**SUPPLIED INFORMATION**
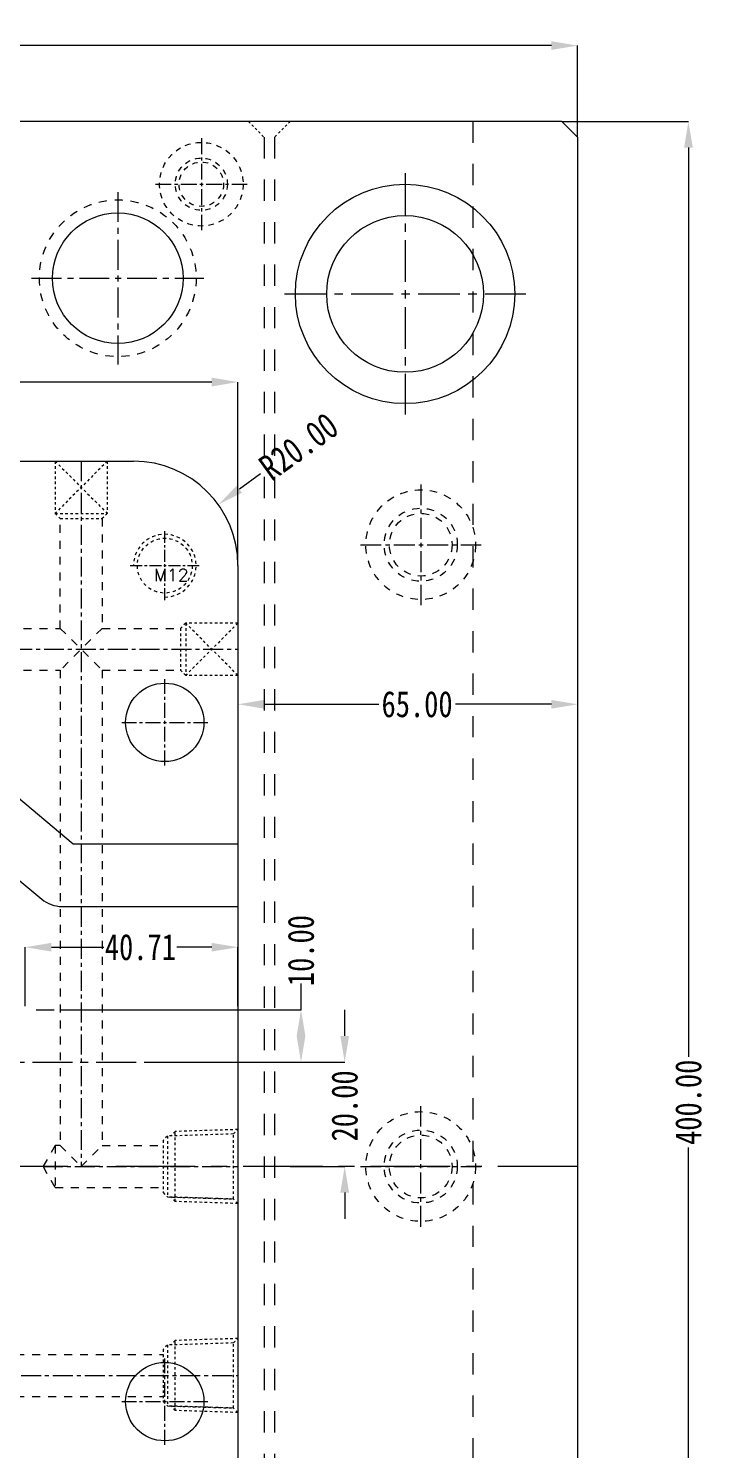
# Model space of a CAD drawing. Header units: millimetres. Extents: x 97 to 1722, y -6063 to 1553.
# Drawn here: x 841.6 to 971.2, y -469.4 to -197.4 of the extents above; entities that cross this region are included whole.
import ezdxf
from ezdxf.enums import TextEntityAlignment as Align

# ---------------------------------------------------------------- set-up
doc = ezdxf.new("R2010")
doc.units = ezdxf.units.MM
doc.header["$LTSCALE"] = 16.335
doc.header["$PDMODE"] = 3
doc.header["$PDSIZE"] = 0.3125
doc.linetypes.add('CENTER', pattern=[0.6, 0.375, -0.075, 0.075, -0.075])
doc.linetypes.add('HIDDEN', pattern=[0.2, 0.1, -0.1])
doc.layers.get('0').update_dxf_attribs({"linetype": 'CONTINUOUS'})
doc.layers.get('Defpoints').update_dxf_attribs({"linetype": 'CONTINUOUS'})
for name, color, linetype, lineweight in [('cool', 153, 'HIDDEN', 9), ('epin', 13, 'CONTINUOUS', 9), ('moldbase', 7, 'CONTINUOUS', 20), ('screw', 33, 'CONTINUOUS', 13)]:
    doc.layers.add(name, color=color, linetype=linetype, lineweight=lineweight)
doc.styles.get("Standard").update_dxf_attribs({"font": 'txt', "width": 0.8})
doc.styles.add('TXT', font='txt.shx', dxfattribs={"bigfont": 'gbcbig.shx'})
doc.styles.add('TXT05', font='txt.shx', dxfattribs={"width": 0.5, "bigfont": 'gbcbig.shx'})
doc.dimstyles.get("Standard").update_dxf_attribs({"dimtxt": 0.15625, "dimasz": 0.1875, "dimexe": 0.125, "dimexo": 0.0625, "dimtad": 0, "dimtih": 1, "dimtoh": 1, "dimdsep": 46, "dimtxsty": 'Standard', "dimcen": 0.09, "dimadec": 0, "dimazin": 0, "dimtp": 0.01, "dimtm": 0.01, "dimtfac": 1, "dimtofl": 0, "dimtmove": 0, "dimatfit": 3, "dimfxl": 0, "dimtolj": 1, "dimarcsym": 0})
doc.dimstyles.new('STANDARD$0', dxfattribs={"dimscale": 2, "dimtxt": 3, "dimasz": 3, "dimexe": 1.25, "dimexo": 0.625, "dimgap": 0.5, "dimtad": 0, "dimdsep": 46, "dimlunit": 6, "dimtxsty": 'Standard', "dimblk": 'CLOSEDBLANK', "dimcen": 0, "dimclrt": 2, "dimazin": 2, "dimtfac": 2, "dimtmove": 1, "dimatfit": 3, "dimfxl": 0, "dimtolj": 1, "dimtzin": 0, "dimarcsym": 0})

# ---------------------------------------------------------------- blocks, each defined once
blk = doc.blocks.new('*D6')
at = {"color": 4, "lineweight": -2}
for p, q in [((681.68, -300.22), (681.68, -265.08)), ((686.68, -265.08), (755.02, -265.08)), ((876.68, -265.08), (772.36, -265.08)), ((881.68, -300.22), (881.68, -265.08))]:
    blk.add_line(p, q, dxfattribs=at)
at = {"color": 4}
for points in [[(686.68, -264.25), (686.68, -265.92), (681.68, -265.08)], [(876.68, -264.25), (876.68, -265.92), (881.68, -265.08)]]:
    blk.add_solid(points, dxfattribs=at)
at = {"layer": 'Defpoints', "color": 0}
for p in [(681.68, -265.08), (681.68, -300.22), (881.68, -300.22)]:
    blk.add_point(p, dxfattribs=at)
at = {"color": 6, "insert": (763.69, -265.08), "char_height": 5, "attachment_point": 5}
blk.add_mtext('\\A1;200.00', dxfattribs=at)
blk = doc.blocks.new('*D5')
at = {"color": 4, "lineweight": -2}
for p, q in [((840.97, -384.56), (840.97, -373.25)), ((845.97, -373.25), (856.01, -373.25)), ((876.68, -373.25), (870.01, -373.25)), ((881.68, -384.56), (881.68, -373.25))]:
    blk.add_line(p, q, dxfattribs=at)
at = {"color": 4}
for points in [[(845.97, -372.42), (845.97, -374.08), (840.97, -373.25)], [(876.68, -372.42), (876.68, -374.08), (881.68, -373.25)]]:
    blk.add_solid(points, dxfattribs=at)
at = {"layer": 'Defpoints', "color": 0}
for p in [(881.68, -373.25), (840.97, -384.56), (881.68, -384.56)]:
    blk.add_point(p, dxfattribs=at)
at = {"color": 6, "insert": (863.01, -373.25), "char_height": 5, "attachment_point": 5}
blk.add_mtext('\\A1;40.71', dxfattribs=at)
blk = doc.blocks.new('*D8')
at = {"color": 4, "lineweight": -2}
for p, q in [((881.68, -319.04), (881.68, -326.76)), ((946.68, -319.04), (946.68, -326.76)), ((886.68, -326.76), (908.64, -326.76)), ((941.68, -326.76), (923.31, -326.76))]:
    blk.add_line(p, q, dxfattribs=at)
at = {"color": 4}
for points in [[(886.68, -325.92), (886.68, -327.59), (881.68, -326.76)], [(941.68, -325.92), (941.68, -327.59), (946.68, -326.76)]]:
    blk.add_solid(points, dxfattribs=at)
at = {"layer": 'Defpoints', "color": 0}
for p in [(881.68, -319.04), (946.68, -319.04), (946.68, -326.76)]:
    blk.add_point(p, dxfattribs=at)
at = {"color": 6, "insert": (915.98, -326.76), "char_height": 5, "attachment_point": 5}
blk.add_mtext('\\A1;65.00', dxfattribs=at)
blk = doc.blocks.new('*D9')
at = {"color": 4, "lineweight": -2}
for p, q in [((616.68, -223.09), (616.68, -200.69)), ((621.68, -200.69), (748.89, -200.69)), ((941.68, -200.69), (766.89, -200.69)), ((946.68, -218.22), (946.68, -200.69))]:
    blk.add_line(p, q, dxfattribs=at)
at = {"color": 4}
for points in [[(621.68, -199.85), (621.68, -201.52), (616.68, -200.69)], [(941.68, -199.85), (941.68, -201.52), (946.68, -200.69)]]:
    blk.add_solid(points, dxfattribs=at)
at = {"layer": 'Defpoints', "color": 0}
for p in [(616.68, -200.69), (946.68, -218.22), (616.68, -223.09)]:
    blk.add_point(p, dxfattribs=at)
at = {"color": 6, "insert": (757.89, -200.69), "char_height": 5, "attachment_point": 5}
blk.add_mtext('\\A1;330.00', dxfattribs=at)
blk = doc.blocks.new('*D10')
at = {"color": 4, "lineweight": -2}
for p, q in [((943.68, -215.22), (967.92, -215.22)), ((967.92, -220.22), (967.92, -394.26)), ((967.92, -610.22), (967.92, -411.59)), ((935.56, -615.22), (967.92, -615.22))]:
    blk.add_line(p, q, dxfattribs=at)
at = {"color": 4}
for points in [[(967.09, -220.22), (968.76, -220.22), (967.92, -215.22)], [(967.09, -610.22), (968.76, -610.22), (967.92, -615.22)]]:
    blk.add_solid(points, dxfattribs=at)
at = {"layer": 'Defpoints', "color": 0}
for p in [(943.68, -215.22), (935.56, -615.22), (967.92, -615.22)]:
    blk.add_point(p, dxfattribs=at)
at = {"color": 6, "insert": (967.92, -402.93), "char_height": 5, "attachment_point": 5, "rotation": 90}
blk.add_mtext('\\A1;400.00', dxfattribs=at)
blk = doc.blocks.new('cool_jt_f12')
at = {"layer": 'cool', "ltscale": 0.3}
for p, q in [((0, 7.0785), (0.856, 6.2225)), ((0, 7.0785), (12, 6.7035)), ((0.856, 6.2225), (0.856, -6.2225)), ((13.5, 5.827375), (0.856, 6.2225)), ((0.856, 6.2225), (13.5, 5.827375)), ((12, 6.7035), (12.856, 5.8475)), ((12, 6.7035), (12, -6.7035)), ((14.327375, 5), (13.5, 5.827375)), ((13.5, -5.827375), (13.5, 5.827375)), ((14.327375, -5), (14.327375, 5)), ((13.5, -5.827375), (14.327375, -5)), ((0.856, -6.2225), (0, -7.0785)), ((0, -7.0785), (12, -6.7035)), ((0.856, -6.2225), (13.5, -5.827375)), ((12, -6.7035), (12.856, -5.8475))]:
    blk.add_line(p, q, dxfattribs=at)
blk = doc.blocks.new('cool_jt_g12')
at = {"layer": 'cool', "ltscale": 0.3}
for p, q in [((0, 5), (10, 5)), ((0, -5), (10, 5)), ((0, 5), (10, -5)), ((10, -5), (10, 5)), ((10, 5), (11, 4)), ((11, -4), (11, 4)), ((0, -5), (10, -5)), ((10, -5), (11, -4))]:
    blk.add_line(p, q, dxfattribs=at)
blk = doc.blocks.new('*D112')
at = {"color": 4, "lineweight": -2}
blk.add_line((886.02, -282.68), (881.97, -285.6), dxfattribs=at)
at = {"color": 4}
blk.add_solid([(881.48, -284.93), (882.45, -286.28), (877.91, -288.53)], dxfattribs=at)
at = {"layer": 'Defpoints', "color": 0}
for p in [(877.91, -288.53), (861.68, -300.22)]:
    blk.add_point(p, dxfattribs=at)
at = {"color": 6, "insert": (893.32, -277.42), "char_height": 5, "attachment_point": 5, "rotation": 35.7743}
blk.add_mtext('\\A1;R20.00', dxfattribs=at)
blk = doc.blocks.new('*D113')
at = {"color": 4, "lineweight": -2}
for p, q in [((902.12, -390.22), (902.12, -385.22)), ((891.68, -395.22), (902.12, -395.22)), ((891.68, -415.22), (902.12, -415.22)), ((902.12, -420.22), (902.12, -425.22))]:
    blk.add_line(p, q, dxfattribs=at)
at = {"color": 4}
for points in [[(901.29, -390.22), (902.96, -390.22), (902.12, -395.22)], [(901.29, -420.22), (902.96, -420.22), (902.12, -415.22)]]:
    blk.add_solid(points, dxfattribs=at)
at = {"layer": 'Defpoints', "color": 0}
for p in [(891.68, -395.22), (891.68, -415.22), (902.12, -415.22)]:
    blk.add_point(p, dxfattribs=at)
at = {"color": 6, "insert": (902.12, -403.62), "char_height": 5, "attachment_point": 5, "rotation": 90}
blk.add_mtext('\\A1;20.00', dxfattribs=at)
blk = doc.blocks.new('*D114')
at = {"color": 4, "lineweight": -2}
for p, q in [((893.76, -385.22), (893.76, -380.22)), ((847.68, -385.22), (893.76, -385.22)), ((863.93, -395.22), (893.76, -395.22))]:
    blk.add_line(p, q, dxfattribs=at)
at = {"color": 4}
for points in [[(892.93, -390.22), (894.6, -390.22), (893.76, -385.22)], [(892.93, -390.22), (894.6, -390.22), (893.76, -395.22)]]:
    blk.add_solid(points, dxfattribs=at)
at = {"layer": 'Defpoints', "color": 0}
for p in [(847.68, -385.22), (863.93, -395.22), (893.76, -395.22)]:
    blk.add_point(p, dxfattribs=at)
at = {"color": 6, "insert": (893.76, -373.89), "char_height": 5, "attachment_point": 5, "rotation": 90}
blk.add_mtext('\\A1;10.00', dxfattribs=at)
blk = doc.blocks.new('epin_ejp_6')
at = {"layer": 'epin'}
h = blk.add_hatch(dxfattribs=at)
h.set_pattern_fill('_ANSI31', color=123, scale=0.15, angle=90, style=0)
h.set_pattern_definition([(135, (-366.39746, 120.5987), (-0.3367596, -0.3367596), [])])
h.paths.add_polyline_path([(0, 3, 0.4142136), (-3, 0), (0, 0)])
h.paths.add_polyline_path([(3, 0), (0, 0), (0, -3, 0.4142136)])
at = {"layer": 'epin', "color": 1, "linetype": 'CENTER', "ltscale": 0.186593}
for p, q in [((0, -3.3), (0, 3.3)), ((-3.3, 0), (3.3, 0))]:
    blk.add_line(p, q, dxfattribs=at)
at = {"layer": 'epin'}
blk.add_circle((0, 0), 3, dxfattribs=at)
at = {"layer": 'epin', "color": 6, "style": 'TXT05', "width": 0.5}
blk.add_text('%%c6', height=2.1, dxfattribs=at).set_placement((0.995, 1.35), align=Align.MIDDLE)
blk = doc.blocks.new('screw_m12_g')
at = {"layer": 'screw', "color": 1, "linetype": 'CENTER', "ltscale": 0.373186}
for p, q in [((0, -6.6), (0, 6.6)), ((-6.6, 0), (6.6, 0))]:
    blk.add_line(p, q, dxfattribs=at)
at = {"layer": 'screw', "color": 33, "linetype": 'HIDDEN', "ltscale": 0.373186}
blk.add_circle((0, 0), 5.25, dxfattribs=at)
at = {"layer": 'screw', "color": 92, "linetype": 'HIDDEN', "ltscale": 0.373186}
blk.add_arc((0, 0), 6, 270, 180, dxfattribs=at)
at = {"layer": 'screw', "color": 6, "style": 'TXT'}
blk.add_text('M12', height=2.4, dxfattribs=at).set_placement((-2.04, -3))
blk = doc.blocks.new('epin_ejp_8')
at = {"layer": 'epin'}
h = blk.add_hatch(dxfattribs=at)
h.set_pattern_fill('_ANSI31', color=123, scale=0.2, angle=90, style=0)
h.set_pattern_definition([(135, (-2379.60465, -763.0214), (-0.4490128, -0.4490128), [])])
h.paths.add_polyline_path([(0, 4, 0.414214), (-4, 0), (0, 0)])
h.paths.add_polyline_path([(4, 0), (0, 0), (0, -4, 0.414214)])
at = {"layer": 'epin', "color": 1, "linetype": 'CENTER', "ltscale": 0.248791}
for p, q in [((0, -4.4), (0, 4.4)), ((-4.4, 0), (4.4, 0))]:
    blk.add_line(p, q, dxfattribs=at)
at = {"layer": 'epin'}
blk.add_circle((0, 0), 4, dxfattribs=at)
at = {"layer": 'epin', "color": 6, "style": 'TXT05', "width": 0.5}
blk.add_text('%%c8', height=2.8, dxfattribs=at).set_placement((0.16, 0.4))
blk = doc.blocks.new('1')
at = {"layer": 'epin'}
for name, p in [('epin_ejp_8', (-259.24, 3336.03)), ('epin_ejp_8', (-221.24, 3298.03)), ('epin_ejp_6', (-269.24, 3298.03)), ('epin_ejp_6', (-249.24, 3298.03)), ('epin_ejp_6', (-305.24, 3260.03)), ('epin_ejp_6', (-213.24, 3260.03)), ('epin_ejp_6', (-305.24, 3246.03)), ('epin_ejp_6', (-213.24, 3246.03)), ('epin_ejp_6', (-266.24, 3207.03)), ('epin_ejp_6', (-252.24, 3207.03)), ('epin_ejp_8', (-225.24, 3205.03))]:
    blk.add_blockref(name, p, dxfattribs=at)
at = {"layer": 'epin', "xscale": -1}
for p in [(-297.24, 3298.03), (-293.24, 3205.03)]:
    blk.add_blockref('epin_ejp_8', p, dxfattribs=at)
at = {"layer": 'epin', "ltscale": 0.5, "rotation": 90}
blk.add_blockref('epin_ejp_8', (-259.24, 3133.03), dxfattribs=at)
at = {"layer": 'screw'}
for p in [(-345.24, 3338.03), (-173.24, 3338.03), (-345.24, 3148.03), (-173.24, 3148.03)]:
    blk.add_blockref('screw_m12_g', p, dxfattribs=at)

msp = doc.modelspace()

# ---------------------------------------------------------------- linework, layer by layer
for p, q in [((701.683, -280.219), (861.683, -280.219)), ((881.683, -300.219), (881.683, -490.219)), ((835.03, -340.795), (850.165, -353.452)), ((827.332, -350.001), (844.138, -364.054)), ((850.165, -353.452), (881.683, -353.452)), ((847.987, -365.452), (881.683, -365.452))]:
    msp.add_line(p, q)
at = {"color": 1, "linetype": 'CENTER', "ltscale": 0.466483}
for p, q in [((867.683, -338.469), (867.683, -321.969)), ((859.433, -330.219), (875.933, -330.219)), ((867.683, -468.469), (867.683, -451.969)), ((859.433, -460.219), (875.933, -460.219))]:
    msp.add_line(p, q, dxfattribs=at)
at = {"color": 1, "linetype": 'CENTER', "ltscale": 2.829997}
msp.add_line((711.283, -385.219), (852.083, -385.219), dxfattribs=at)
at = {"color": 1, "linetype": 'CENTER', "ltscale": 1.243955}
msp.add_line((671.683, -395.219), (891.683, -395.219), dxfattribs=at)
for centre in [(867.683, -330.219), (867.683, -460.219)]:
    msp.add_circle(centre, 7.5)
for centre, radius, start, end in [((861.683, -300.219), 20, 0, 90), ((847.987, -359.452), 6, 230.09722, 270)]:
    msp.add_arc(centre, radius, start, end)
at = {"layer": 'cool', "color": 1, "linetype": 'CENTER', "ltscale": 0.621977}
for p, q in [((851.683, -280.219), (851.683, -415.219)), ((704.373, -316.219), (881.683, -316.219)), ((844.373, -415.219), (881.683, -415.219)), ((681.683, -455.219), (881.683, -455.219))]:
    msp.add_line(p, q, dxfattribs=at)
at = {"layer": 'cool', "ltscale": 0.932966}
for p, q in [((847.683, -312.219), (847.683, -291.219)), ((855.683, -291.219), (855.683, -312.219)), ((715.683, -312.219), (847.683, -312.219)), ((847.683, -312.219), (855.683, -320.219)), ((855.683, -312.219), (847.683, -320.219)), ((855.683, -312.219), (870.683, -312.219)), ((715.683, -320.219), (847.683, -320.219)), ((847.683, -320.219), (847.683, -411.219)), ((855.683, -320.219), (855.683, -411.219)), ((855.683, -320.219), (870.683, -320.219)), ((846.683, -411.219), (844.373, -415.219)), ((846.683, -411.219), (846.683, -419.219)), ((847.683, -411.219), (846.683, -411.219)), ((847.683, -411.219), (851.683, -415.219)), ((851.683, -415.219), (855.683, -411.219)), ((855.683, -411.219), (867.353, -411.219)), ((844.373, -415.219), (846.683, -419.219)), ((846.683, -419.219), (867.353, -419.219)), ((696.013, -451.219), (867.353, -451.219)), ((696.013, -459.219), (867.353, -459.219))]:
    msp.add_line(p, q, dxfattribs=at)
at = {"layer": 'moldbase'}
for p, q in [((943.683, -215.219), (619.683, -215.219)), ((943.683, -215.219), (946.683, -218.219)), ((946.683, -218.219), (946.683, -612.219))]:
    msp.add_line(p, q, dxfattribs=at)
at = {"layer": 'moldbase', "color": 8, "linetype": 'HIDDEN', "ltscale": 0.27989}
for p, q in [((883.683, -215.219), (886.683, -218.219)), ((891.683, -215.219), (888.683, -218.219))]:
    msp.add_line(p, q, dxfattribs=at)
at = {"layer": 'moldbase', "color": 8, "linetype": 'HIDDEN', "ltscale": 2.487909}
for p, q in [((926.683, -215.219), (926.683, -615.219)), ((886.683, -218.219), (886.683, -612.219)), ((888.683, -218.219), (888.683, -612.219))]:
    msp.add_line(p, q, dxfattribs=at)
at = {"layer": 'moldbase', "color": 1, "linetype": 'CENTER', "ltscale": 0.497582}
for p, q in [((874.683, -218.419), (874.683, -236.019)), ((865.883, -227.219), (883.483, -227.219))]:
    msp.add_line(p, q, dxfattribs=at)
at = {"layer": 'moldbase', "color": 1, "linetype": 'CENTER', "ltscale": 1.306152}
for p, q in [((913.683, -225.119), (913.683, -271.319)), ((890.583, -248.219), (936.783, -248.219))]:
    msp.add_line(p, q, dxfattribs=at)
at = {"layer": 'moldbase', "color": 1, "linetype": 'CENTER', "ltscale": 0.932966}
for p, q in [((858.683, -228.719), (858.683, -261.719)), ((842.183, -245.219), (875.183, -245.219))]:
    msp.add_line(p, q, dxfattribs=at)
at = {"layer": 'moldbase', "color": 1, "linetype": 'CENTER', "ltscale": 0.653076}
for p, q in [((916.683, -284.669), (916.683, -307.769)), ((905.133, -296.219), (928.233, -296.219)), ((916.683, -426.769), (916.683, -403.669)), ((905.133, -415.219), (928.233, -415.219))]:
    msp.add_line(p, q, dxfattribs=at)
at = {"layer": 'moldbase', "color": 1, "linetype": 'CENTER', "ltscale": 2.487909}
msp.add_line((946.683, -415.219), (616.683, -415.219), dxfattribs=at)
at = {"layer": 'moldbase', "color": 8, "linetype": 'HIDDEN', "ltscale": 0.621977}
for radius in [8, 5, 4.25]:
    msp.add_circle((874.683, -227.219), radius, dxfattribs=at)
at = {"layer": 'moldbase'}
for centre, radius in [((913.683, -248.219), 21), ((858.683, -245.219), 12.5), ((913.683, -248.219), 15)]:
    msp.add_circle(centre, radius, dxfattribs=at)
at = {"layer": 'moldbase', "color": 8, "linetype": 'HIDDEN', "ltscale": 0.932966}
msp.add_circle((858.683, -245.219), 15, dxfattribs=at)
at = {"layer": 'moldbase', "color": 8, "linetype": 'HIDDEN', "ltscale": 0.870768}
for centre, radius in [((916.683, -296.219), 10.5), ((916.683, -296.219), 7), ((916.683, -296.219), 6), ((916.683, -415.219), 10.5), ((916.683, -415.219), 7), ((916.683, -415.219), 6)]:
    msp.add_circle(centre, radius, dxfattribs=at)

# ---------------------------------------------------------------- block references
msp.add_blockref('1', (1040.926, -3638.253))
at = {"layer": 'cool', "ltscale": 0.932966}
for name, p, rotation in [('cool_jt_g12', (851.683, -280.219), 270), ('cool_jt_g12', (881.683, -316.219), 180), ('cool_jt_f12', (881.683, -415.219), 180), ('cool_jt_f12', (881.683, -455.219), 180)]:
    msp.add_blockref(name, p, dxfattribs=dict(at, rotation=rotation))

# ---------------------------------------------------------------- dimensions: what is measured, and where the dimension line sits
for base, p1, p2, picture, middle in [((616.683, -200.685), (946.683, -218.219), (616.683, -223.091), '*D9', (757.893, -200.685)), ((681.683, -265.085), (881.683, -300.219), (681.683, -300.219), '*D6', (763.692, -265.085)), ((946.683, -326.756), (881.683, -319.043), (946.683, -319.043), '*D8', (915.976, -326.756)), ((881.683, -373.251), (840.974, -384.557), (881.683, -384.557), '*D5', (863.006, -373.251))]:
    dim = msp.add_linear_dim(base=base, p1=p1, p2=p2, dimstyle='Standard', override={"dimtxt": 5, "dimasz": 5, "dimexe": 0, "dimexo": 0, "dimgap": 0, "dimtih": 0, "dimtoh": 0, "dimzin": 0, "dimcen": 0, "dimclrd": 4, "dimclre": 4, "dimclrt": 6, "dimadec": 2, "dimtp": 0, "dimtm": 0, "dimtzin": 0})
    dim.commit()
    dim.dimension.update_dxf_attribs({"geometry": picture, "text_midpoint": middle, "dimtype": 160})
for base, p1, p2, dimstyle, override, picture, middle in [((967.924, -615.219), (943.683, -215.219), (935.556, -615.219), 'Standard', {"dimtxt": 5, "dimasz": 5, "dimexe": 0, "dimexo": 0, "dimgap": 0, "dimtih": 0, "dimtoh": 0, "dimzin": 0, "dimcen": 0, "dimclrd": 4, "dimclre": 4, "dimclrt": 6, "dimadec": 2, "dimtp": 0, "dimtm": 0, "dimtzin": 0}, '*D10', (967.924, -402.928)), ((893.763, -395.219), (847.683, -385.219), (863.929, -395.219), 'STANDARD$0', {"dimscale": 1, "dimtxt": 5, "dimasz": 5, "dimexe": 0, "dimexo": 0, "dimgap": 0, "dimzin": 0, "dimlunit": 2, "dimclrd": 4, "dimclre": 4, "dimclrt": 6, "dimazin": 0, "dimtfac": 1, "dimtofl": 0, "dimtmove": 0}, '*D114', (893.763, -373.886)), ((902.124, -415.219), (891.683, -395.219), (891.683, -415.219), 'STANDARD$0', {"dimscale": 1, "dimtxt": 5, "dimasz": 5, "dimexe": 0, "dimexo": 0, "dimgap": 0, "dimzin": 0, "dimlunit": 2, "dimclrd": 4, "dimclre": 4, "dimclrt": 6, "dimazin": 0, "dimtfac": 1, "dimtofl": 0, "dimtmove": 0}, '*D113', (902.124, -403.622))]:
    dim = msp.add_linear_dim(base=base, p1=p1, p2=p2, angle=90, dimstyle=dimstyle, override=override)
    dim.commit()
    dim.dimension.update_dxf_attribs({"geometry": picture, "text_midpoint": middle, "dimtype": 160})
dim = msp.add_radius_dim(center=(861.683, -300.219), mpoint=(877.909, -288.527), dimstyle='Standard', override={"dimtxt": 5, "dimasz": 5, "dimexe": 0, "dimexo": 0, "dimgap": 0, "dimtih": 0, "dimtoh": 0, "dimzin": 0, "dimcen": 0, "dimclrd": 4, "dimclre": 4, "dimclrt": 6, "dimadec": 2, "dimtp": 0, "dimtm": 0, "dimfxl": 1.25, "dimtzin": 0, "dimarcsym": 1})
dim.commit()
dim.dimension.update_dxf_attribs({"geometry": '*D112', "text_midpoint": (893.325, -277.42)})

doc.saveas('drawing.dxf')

**EXERCISE DESCRIPTION**
Which lines of the entries contain "angle"? Count them and write only the number.

**TASK RESPONSE**
3